Dataset records:
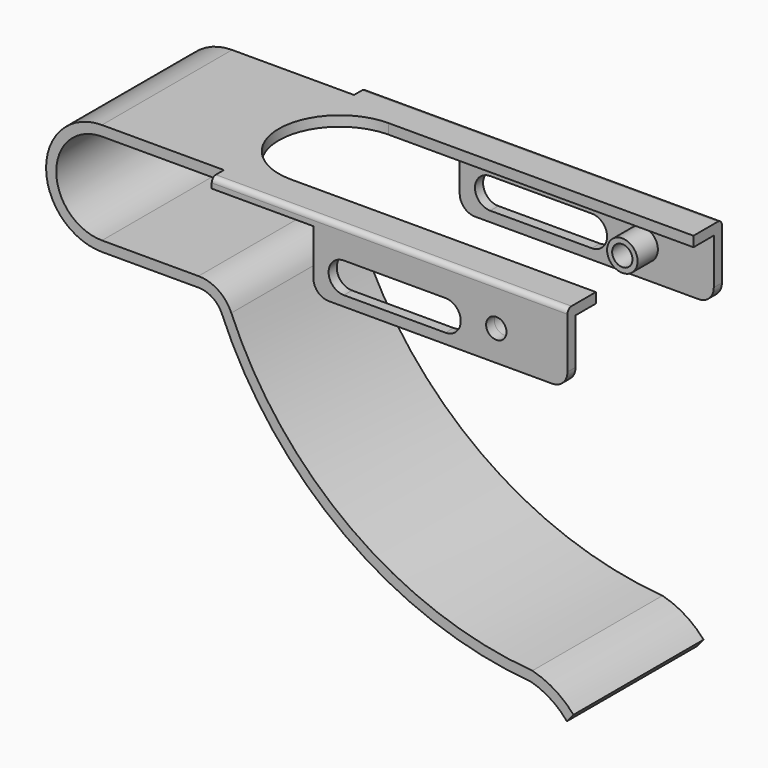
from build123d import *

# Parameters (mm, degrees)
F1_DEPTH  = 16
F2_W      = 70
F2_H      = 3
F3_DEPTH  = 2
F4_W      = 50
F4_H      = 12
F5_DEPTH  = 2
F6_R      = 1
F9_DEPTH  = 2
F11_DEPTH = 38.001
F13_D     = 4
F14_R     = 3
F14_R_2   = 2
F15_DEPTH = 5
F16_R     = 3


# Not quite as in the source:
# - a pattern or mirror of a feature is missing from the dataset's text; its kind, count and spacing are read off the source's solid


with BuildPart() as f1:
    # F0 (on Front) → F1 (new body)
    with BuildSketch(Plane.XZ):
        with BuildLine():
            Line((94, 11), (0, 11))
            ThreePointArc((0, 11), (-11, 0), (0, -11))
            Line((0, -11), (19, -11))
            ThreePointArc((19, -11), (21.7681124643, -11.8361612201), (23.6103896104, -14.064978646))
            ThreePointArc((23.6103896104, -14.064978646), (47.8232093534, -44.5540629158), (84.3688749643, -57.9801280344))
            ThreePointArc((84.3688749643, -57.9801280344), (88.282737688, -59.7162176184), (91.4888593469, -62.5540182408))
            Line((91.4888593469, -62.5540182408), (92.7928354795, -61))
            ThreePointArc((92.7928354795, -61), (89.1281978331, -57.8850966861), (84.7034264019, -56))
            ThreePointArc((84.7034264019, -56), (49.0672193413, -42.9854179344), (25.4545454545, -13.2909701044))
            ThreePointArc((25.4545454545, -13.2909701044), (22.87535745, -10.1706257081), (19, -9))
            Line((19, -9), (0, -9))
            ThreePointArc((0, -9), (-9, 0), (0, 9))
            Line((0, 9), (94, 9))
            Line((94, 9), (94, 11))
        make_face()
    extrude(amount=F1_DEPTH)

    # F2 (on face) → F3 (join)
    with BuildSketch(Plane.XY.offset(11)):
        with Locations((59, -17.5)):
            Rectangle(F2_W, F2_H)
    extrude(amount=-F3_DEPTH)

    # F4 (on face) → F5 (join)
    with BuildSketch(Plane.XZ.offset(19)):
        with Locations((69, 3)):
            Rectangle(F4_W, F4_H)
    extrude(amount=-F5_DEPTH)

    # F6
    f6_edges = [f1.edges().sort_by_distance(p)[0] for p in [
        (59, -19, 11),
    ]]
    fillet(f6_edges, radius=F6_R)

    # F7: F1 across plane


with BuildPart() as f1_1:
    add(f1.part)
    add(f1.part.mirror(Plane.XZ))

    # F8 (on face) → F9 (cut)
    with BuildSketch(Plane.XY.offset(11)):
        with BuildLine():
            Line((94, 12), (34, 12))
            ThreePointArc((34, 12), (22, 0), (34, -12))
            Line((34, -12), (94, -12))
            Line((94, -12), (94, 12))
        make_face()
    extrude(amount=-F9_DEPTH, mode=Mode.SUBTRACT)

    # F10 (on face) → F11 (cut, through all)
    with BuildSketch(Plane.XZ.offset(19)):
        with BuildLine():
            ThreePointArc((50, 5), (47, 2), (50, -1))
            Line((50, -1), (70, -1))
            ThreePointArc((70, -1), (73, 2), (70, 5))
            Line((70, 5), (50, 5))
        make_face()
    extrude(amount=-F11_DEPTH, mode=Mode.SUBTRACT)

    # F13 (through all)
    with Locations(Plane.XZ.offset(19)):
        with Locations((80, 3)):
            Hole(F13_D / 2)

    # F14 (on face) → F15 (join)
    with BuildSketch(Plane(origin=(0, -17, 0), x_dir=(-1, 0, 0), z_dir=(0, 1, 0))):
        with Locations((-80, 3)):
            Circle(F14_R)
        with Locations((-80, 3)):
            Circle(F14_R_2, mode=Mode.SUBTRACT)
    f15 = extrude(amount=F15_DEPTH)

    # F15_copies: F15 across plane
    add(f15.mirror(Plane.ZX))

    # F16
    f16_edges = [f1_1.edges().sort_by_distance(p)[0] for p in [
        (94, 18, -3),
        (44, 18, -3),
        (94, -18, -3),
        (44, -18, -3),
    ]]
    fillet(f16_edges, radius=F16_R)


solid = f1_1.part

Task goal: If a line in the listing holds the word "join", list that line.

Task result:
    # F2 (on face) → F3 (join)
    # F4 (on face) → F5 (join)
    # F14 (on face) → F15 (join)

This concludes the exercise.